**PROBLEM DETAILS**
Write out, please, the lines from the beginning of the material to the line with "#43=VECTOR('',#42,1.);", including both ends and nothing else.

**SOURCE INFORMATION**
----
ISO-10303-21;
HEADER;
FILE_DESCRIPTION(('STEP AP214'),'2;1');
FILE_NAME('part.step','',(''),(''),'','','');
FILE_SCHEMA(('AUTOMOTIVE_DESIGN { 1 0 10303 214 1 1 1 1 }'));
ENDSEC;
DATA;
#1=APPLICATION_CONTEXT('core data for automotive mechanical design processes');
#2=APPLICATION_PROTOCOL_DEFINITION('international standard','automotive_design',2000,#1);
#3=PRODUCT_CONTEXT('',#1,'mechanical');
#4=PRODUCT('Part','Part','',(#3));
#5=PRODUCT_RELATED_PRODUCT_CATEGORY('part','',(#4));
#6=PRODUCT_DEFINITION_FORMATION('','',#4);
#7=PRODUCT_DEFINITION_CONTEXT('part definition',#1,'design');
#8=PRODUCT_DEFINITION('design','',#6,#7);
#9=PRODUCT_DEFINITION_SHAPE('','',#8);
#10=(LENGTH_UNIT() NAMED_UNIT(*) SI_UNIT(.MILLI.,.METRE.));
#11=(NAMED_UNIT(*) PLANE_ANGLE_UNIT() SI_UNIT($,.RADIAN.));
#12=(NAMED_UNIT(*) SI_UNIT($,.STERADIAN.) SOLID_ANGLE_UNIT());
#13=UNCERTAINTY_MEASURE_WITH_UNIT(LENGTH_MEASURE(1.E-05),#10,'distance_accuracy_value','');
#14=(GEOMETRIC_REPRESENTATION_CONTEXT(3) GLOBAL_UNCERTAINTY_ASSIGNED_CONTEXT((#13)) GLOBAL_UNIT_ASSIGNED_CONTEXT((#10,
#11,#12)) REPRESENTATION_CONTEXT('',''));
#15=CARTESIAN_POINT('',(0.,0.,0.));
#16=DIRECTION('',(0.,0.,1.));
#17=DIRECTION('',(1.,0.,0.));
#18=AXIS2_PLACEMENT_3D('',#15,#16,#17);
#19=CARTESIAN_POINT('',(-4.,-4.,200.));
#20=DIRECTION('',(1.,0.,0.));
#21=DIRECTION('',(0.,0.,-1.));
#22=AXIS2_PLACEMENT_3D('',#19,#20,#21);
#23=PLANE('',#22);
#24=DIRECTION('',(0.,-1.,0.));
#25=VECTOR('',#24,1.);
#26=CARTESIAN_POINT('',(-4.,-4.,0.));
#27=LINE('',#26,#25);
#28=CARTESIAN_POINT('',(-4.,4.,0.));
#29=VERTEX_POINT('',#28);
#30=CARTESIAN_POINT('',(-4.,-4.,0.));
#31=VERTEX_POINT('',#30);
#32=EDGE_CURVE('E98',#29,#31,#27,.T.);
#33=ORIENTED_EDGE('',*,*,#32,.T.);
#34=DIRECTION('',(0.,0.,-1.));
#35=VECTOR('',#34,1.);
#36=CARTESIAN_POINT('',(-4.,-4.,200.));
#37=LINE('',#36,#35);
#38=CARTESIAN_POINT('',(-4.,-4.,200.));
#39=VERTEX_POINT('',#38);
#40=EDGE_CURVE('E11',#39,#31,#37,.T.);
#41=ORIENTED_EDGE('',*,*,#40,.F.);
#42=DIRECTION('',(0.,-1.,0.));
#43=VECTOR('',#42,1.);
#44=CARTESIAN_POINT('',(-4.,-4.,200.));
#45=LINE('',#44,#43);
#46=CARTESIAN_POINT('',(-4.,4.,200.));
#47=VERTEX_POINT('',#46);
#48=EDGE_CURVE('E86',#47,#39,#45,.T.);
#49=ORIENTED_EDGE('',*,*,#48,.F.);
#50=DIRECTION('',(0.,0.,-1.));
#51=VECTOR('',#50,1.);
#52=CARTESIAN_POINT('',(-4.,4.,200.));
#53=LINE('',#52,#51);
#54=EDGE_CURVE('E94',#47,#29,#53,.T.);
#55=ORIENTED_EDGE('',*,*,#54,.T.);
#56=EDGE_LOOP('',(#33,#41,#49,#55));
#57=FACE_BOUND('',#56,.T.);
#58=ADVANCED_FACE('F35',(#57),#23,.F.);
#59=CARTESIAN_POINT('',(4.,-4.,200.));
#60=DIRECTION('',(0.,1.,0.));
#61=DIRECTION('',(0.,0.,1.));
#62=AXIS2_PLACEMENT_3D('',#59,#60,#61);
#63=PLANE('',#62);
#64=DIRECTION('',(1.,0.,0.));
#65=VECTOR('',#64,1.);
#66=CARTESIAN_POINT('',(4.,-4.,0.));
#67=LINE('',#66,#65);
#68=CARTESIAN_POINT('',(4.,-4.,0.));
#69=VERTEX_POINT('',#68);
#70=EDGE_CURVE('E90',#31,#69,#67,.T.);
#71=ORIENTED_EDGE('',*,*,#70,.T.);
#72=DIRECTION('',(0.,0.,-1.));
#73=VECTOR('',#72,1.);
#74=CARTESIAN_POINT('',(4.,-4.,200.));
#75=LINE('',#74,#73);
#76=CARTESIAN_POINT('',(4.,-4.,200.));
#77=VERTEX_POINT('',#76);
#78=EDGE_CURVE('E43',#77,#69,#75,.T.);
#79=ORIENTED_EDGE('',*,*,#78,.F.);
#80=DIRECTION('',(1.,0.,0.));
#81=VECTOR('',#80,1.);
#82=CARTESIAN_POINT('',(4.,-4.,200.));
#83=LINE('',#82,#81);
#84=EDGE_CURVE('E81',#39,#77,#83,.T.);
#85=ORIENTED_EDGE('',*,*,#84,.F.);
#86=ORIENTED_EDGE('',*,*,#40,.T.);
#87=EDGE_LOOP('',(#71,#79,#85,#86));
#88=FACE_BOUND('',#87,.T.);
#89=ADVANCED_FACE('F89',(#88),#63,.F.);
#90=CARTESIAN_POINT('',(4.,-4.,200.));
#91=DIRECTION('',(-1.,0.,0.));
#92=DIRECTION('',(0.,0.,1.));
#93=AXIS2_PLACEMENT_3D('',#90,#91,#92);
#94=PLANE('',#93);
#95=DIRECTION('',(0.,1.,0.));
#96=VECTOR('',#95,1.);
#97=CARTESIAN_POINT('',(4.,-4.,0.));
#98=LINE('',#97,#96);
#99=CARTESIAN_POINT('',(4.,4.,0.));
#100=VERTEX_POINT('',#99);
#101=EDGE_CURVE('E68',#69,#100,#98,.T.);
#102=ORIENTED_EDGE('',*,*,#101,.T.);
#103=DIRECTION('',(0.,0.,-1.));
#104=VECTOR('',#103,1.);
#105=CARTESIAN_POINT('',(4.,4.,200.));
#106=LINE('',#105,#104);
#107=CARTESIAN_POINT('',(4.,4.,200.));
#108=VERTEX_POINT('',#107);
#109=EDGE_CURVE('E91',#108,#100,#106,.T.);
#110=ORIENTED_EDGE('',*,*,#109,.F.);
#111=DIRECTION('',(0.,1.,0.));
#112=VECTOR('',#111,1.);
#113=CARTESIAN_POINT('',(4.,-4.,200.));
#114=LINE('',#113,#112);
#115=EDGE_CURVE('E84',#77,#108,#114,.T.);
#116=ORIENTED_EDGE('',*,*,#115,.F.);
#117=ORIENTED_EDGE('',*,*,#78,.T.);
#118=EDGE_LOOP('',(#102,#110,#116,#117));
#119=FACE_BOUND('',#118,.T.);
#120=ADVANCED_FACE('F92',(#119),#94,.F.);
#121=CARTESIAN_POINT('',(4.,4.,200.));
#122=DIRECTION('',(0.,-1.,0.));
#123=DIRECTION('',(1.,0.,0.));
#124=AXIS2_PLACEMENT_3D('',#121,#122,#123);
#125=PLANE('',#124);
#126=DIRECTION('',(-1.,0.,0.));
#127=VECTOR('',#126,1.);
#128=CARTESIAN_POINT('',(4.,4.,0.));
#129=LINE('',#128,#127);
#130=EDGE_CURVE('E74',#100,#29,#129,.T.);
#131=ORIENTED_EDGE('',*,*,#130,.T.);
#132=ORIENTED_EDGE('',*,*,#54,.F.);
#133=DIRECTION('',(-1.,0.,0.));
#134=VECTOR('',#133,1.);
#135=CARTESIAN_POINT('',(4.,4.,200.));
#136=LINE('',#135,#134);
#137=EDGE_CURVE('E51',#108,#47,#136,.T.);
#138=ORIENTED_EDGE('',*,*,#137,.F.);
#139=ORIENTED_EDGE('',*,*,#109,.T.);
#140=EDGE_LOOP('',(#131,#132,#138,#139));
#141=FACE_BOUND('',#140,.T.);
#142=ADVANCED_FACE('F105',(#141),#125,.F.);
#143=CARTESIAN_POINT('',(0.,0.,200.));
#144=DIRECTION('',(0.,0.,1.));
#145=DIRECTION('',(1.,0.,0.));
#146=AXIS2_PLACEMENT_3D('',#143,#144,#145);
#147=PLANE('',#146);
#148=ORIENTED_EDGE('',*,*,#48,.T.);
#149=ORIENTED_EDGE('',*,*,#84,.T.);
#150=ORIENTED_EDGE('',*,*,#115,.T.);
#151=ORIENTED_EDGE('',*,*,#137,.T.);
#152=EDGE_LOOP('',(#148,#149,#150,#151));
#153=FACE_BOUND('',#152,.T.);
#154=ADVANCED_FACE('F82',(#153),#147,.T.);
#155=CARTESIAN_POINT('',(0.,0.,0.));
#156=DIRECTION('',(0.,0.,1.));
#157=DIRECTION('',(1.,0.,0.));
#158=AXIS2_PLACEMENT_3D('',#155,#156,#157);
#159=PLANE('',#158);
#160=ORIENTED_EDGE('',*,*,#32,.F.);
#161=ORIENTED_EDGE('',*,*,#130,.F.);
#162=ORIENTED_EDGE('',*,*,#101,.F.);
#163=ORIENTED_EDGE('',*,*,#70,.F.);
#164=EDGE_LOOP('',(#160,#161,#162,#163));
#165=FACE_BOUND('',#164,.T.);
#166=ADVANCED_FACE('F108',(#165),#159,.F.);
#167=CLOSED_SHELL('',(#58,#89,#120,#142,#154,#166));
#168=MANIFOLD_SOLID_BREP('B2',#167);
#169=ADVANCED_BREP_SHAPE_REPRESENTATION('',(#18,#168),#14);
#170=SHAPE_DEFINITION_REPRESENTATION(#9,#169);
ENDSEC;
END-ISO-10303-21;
----
**RESPONSE BOX**
ISO-10303-21;
HEADER;
FILE_DESCRIPTION(('STEP AP214'),'2;1');
FILE_NAME('part.step','',(''),(''),'','','');
FILE_SCHEMA(('AUTOMOTIVE_DESIGN { 1 0 10303 214 1 1 1 1 }'));
ENDSEC;
DATA;
#1=APPLICATION_CONTEXT('core data for automotive mechanical design processes');
#2=APPLICATION_PROTOCOL_DEFINITION('international standard','automotive_design',2000,#1);
#3=PRODUCT_CONTEXT('',#1,'mechanical');
#4=PRODUCT('Part','Part','',(#3));
#5=PRODUCT_RELATED_PRODUCT_CATEGORY('part','',(#4));
#6=PRODUCT_DEFINITION_FORMATION('','',#4);
#7=PRODUCT_DEFINITION_CONTEXT('part definition',#1,'design');
#8=PRODUCT_DEFINITION('design','',#6,#7);
#9=PRODUCT_DEFINITION_SHAPE('','',#8);
#10=(LENGTH_UNIT() NAMED_UNIT(*) SI_UNIT(.MILLI.,.METRE.));
#11=(NAMED_UNIT(*) PLANE_ANGLE_UNIT() SI_UNIT($,.RADIAN.));
#12=(NAMED_UNIT(*) SI_UNIT($,.STERADIAN.) SOLID_ANGLE_UNIT());
#13=UNCERTAINTY_MEASURE_WITH_UNIT(LENGTH_MEASURE(1.E-05),#10,'distance_accuracy_value','');
#14=(GEOMETRIC_REPRESENTATION_CONTEXT(3) GLOBAL_UNCERTAINTY_ASSIGNED_CONTEXT((#13)) GLOBAL_UNIT_ASSIGNED_CONTEXT((#10,
#11,#12)) REPRESENTATION_CONTEXT('',''));
#15=CARTESIAN_POINT('',(0.,0.,0.));
#16=DIRECTION('',(0.,0.,1.));
#17=DIRECTION('',(1.,0.,0.));
#18=AXIS2_PLACEMENT_3D('',#15,#16,#17);
#19=CARTESIAN_POINT('',(-4.,-4.,200.));
#20=DIRECTION('',(1.,0.,0.));
#21=DIRECTION('',(0.,0.,-1.));
#22=AXIS2_PLACEMENT_3D('',#19,#20,#21);
#23=PLANE('',#22);
#24=DIRECTION('',(0.,-1.,0.));
#25=VECTOR('',#24,1.);
#26=CARTESIAN_POINT('',(-4.,-4.,0.));
#27=LINE('',#26,#25);
#28=CARTESIAN_POINT('',(-4.,4.,0.));
#29=VERTEX_POINT('',#28);
#30=CARTESIAN_POINT('',(-4.,-4.,0.));
#31=VERTEX_POINT('',#30);
#32=EDGE_CURVE('E98',#29,#31,#27,.T.);
#33=ORIENTED_EDGE('',*,*,#32,.T.);
#34=DIRECTION('',(0.,0.,-1.));
#35=VECTOR('',#34,1.);
#36=CARTESIAN_POINT('',(-4.,-4.,200.));
#37=LINE('',#36,#35);
#38=CARTESIAN_POINT('',(-4.,-4.,200.));
#39=VERTEX_POINT('',#38);
#40=EDGE_CURVE('E11',#39,#31,#37,.T.);
#41=ORIENTED_EDGE('',*,*,#40,.F.);
#42=DIRECTION('',(0.,-1.,0.));
#43=VECTOR('',#42,1.);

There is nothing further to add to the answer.